Textual Difference Scorer
Use createTextualDifferenceScorer
to evaluate the similarity between two text strings by analyzing sequence differences and edit operations.
Installation
npm install @mastra/evals
For complete API documentation and configuration options, see
createTextualDifferenceScorer
.
No differences example
In this example, the texts are exactly the same. The scorer identifies complete similarity with a perfect score and no detected changes.
import { createTextualDifferenceScorer } from "@mastra/evals/scorers/code";
const scorer = createTextualDifferenceScorer();
const input = 'The quick brown fox jumps over the lazy dog';
const output = 'The quick brown fox jumps over the lazy dog';
const result = await scorer.run({
input: [{ role: 'user', content: input }],
output: { role: 'assistant', text: output },
});
console.log('Score:', result.score);
console.log('AnalyzeStepResult:', result.analyzeStepResult);
No differences output
The scorer returns a high score, indicating the texts are identical. The detailed info confirms zero changes and no length difference.
{
score: 1,
analyzeStepResult: {
confidence: 1,
ratio: 1,
changes: 0,
lengthDiff: 0,
},
}
Minor differences example
In this example, the texts have small variations. The scorer detects these minor differences and returns a moderate similarity score.
import { createTextualDifferenceScorer } from "@mastra/evals/scorers/code";
const scorer = createTextualDifferenceScorer();
const input = 'Hello world! How are you?';
const output = 'Hello there! How is it going?';
const result = await scorer.run({
input: [{ role: 'user', content: input }],
output: { role: 'assistant', text: output },
});
console.log('Score:', result.score);
console.log('AnalyzeStepResult:', result.analyzeStepResult);
Minor differences output
The scorer returns a moderate score reflecting the small variations between the texts. The detailed info includes the number of changes and length difference observed.
{
score: 0.5925925925925926,
analyzeStepResult: {
confidence: 0.8620689655172413,
ratio: 0.5925925925925926,
changes: 5,
lengthDiff: 0.13793103448275862
}
}
Major differences example
In this example, the texts differ significantly. The scorer detects extensive changes and returns a low similarity score.

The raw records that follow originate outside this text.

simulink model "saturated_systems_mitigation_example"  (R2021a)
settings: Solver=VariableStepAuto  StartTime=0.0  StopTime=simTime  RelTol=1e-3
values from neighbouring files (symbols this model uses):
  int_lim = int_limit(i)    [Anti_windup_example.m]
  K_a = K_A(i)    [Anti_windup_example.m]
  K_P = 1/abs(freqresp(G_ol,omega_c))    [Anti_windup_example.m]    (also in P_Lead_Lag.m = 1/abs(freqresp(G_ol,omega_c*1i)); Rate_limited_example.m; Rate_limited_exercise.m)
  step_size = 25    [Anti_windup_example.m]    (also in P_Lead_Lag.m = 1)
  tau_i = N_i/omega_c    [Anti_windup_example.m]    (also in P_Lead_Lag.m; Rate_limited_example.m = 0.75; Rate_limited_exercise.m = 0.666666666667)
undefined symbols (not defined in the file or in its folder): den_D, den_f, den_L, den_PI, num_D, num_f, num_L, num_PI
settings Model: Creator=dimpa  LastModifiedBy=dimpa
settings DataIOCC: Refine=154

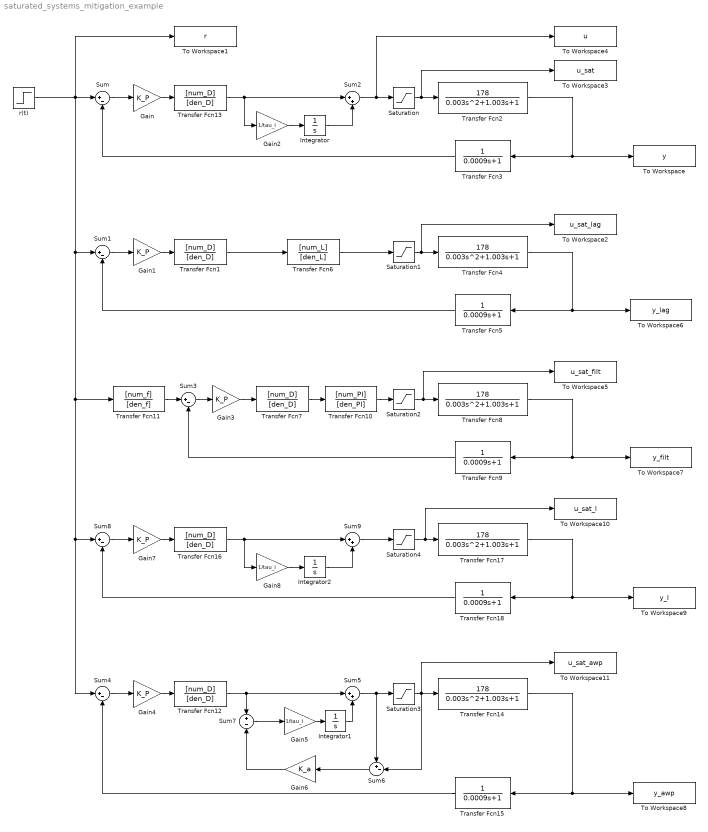
== system saturated_systems_mitigation_example ==
  Gain{,1,3..4,7} (5 alike) : Gain  Gain=K_P
  Gain2 : Gain  Gain=1/tau_i
  Gain5 : Gain  Gain=1/tau_i
  Gain6 : Gain  Gain=K_a
  Gain8 : Gain  Gain=1/tau_i
  Integrator : Integrator
  Integrator1 : Integrator
  Integrator2 : Integrator  LimitOutput=on  UpperSaturationLimit=int_lim  LowerSaturationLimit=-int_lim
  Saturation{,1..4} (5 alike) : Saturate  UpperLimit=4  LowerLimit=-4
  Sum{,1,3..4,8} (5 alike) : Sum  Inputs=|+-
  Sum2 : Sum  Inputs=|++
  Sum5 : Sum  Inputs=|++
  Sum6 : Sum  Inputs=+-|
  Sum7 : Sum  Inputs=+-
  Sum9 : Sum  Inputs=|++
  To Workspace : ToWorkspace  VariableName=y  SaveFormat=Timeseries  SampleTime=-1
  To Workspace1 : ToWorkspace  VariableName=r  SaveFormat=Timeseries  SampleTime=-1
  To Workspace10 : ToWorkspace  VariableName=u_sat_l  SaveFormat=Timeseries  SampleTime=-1
  To Workspace11 : ToWorkspace  VariableName=u_sat_awp  SaveFormat=Timeseries  SampleTime=-1
  To Workspace2 : ToWorkspace  VariableName=u_sat_lag  SaveFormat=Timeseries  SampleTime=-1
  To Workspace3 : ToWorkspace  VariableName=u_sat  SaveFormat=Timeseries  SampleTime=-1
  To Workspace4 : ToWorkspace  VariableName=u  SaveFormat=Timeseries  SampleTime=-1
  To Workspace5 : ToWorkspace  VariableName=u_sat_filt  SaveFormat=Timeseries  SampleTime=-1
  To Workspace6 : ToWorkspace  VariableName=y_lag  SaveFormat=Timeseries  SampleTime=-1
  To Workspace7 : ToWorkspace  VariableName=y_filt  SaveFormat=Timeseries  SampleTime=-1
  To Workspace8 : ToWorkspace  VariableName=y_awp  SaveFormat=Timeseries  SampleTime=-1
  To Workspace9 : ToWorkspace  VariableName=y_l  SaveFormat=Timeseries  SampleTime=-1
  Transfer Fcn{1,7,12..13,16} (5 alike) : TransferFcn  Numerator=[num_D]  Denominator=[den_D]
  Transfer Fcn10 : TransferFcn  Numerator=[num_PI]  Denominator=[den_PI]
  Transfer Fcn11 : TransferFcn  Numerator=[num_f]  Denominator=[den_f]
  Transfer Fcn{2,4,8,14,17} (5 alike) : TransferFcn  Numerator=[178]  Denominator=[0.003 1.003 1]
  Transfer Fcn{3,5,9,15,18} (5 alike) : TransferFcn  Denominator=[0.0009 1]
  Transfer Fcn6 : TransferFcn  Numerator=[num_L]  Denominator=[den_L]
  r(t) : Step  Time=0.1  After=step_size  SampleTime=0
  wires:
  Saturation/1 -> To Workspace3/1, Transfer Fcn2/1
  Transfer Fcn2/1 -> To Workspace/1, Transfer Fcn3/1
  Sum/1 -> Gain/1
  Gain/1 -> Transfer Fcn13/1
  Transfer Fcn3/1 -> Sum/2
  Sum2/1 -> Saturation/1, To Workspace4/1
  Transfer Fcn13/1 -> Gain2/1, Sum2/1
  Gain2/1 -> Integrator/1
  Integrator/1 -> Sum2/2
  Transfer Fcn1/1 -> Transfer Fcn6/1
  Transfer Fcn5/1 -> Sum1/2
  Gain1/1 -> Transfer Fcn1/1
  Sum1/1 -> Gain1/1
  Transfer Fcn4/1 -> To Workspace6/1, Transfer Fcn5/1
  Saturation1/1 -> To Workspace2/1, Transfer Fcn4/1
  Transfer Fcn6/1 -> Saturation1/1
  Transfer Fcn10/1 -> Saturation2/1
  Saturation2/1 -> To Workspace5/1, Transfer Fcn8/1
  Transfer Fcn8/1 -> Transfer Fcn9/1, To Workspace7/1
  Sum3/1 -> Gain3/1
  Gain3/1 -> Transfer Fcn7/1
  Transfer Fcn9/1 -> Sum3/2
  Transfer Fcn7/1 -> Transfer Fcn10/1
  Transfer Fcn11/1 -> Sum3/1
  Integrator1/1 -> Sum5/2
  Gain5/1 -> Integrator1/1
  Transfer Fcn12/1 -> Sum7/1, Sum5/1
  Sum5/1 -> Sum6/1, Saturation3/1
  Transfer Fcn15/1 -> Sum4/2
  Gain4/1 -> Transfer Fcn12/1
  Sum4/1 -> Gain4/1
  Transfer Fcn14/1 -> Transfer Fcn15/1, To Workspace8/1
  Saturation3/1 -> To Workspace11/1, Sum6/2, Transfer Fcn14/1
  Sum6/1 -> Gain6/1
  Sum7/1 -> Gain5/1
  Gain6/1 -> Sum7/2
  r(t)/1 -> Sum8/1, Sum4/1, Transfer Fcn11/1, Sum1/1, To Workspace1/1, Sum/1
  Integrator2/1 -> Sum9/2
  Gain8/1 -> Integrator2/1
  Transfer Fcn16/1 -> Sum9/1, Gain8/1
  Sum9/1 -> Saturation4/1
  Transfer Fcn18/1 -> Sum8/2
  Gain7/1 -> Transfer Fcn16/1
  Sum8/1 -> Gain7/1
  Transfer Fcn17/1 -> Transfer Fcn18/1, To Workspace9/1
  Saturation4/1 -> To Workspace10/1, Transfer Fcn17/1

import { createTextualDifferenceScorer } from "@mastra/evals/scorers/code";
const scorer = createTextualDifferenceScorer();
const input = 'Python is a high-level programming language';
const output = 'JavaScript is used for web development';
const result = await scorer.run({
input: [{ role: 'user', content: input }],
output: { role: 'assistant', text: output },
});
console.log('Score:', result.score);
console.log('AnalyzeStepResult:', result.analyzeStepResult);
Major differences output
The scorer returns a low score due to significant differences between the texts. The detailed analyzeStepResult
shows numerous changes and a notable length difference.
{
score: 0.3170731707317073,
analyzeStepResult: {
confidence: 0.8636363636363636,
ratio: 0.3170731707317073,
changes: 8,
lengthDiff: 0.13636363636363635
}
}
Scorer configuration
You can create a TextualDifferenceScorer
instance with default settings. No additional configuration is required.
const scorer = createTextualDifferenceScorer();
See TextualDifferenceScorer for a full list of configuration options.
Understanding the results
.run()
returns a result in the following shape:
{
runId: string,
analyzeStepResult: {
confidence: number,
ratio: number,
changes: number,
lengthDiff: number
},
score: number
}
score
A textual difference score between 0 and 1:
- 1.0: Identical texts – no differences detected.
- 0.7–0.9: Minor differences – few changes needed.
- 0.4–0.6: Moderate differences – noticeable changes required.
- 0.1–0.3: Major differences – extensive changes needed.
- 0.0: Completely different texts.
runId
The unique identifier for this scorer run.
analyzeStepResult
Object with difference metrics:
- confidence: Confidence score based on length difference (higher is better).
- ratio: Similarity ratio between the texts (0-1).
- changes: Number of edit operations required to match the texts.
- lengthDiff: Normalized difference in text lengths.